**Try it**
Reproduce the records without their pictures, keeping every word as it is.

(Data entries)
..............................

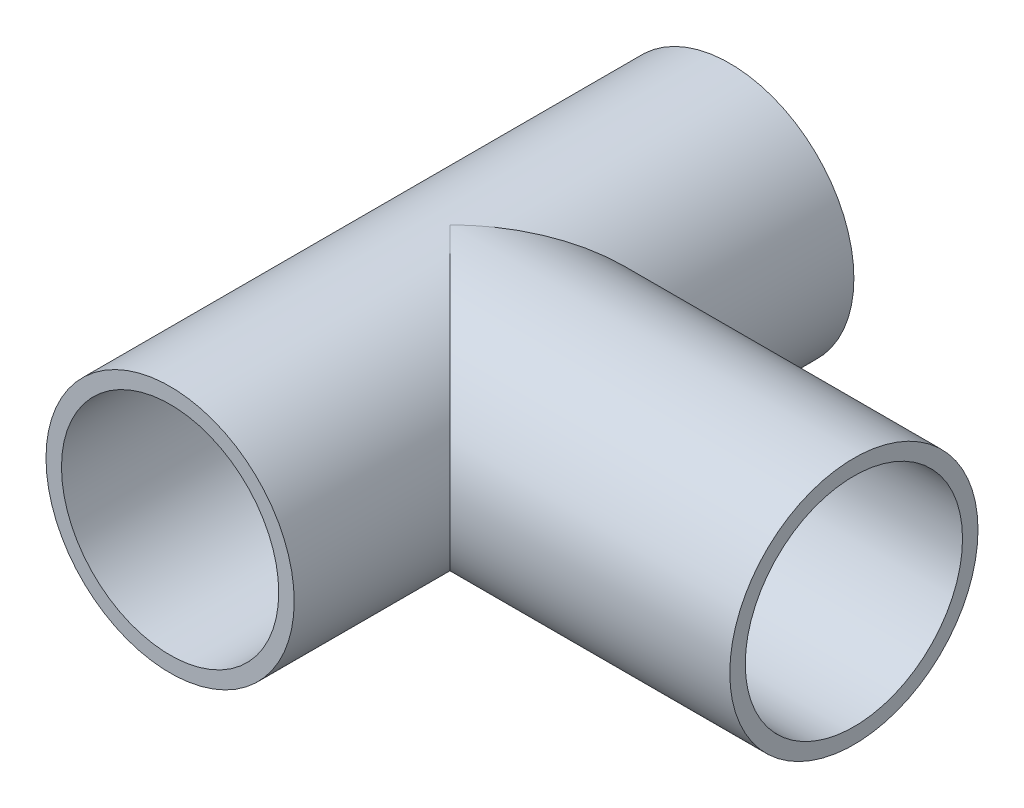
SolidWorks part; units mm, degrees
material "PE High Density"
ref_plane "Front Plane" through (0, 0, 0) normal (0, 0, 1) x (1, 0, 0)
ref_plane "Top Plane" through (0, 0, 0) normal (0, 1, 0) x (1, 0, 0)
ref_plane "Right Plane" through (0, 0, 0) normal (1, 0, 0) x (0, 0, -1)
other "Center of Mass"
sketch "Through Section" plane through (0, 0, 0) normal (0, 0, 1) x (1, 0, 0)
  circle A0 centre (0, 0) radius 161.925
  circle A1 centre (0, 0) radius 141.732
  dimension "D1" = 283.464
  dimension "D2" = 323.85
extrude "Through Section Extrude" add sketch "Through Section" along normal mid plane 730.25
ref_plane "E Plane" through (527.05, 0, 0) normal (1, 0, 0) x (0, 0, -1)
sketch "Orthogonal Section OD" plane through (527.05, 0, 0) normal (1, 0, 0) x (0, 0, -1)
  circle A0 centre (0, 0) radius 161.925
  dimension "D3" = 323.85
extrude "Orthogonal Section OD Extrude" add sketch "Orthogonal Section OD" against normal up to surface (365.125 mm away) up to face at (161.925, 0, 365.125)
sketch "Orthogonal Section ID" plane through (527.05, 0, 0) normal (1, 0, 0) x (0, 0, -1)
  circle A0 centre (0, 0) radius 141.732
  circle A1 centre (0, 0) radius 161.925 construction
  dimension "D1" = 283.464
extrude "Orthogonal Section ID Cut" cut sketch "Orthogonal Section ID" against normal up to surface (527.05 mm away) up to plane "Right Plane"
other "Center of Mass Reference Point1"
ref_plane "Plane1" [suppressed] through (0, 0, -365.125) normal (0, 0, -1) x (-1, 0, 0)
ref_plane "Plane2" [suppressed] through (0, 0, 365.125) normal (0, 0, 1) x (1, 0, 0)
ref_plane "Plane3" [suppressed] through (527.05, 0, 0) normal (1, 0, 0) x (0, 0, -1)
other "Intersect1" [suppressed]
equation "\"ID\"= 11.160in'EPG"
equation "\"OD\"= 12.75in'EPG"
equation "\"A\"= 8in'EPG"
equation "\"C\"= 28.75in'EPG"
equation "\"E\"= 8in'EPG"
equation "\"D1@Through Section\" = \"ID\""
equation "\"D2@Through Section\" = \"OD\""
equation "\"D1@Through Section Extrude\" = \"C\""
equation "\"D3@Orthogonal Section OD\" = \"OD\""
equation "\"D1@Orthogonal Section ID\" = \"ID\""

..............................

**Final answer**
SolidWorks part; units mm, degrees
material "PE High Density"
ref_plane "Front Plane" through (0, 0, 0) normal (0, 0, 1) x (1, 0, 0)
ref_plane "Top Plane" through (0, 0, 0) normal (0, 1, 0) x (1, 0, 0)
ref_plane "Right Plane" through (0, 0, 0) normal (1, 0, 0) x (0, 0, -1)
other "Center of Mass"
sketch "Through Section" plane through (0, 0, 0) normal (0, 0, 1) x (1, 0, 0)
  circle A0 centre (0, 0) radius 161.925
  circle A1 centre (0, 0) radius 141.732
  dimension "D1" = 283.464
  dimension "D2" = 323.85
extrude "Through Section Extrude" add sketch "Through Section" along normal mid plane 730.25
ref_plane "E Plane" through (527.05, 0, 0) normal (1, 0, 0) x (0, 0, -1)
sketch "Orthogonal Section OD" plane through (527.05, 0, 0) normal (1, 0, 0) x (0, 0, -1)
  circle A0 centre (0, 0) radius 161.925
  dimension "D3" = 323.85
extrude "Orthogonal Section OD Extrude" add sketch "Orthogonal Section OD" against normal up to surface (365.125 mm away) up to face at (161.925, 0, 365.125)
sketch "Orthogonal Section ID" plane through (527.05, 0, 0) normal (1, 0, 0) x (0, 0, -1)
  circle A0 centre (0, 0) radius 141.732
  circle A1 centre (0, 0) radius 161.925 construction
  dimension "D1" = 283.464
extrude "Orthogonal Section ID Cut" cut sketch "Orthogonal Section ID" against normal up to surface (527.05 mm away) up to plane "Right Plane"
other "Center of Mass Reference Point1"
ref_plane "Plane1" [suppressed] through (0, 0, -365.125) normal (0, 0, -1) x (-1, 0, 0)
ref_plane "Plane2" [suppressed] through (0, 0, 365.125) normal (0, 0, 1) x (1, 0, 0)
ref_plane "Plane3" [suppressed] through (527.05, 0, 0) normal (1, 0, 0) x (0, 0, -1)
other "Intersect1" [suppressed]
equation "\"ID\"= 11.160in'EPG"
equation "\"OD\"= 12.75in'EPG"
equation "\"A\"= 8in'EPG"
equation "\"C\"= 28.75in'EPG"
equation "\"E\"= 8in'EPG"
equation "\"D1@Through Section\" = \"ID\""
equation "\"D2@Through Section\" = \"OD\""
equation "\"D1@Through Section Extrude\" = \"C\""
equation "\"D3@Orthogonal Section OD\" = \"OD\""
equation "\"D1@Orthogonal Section ID\" = \"ID\""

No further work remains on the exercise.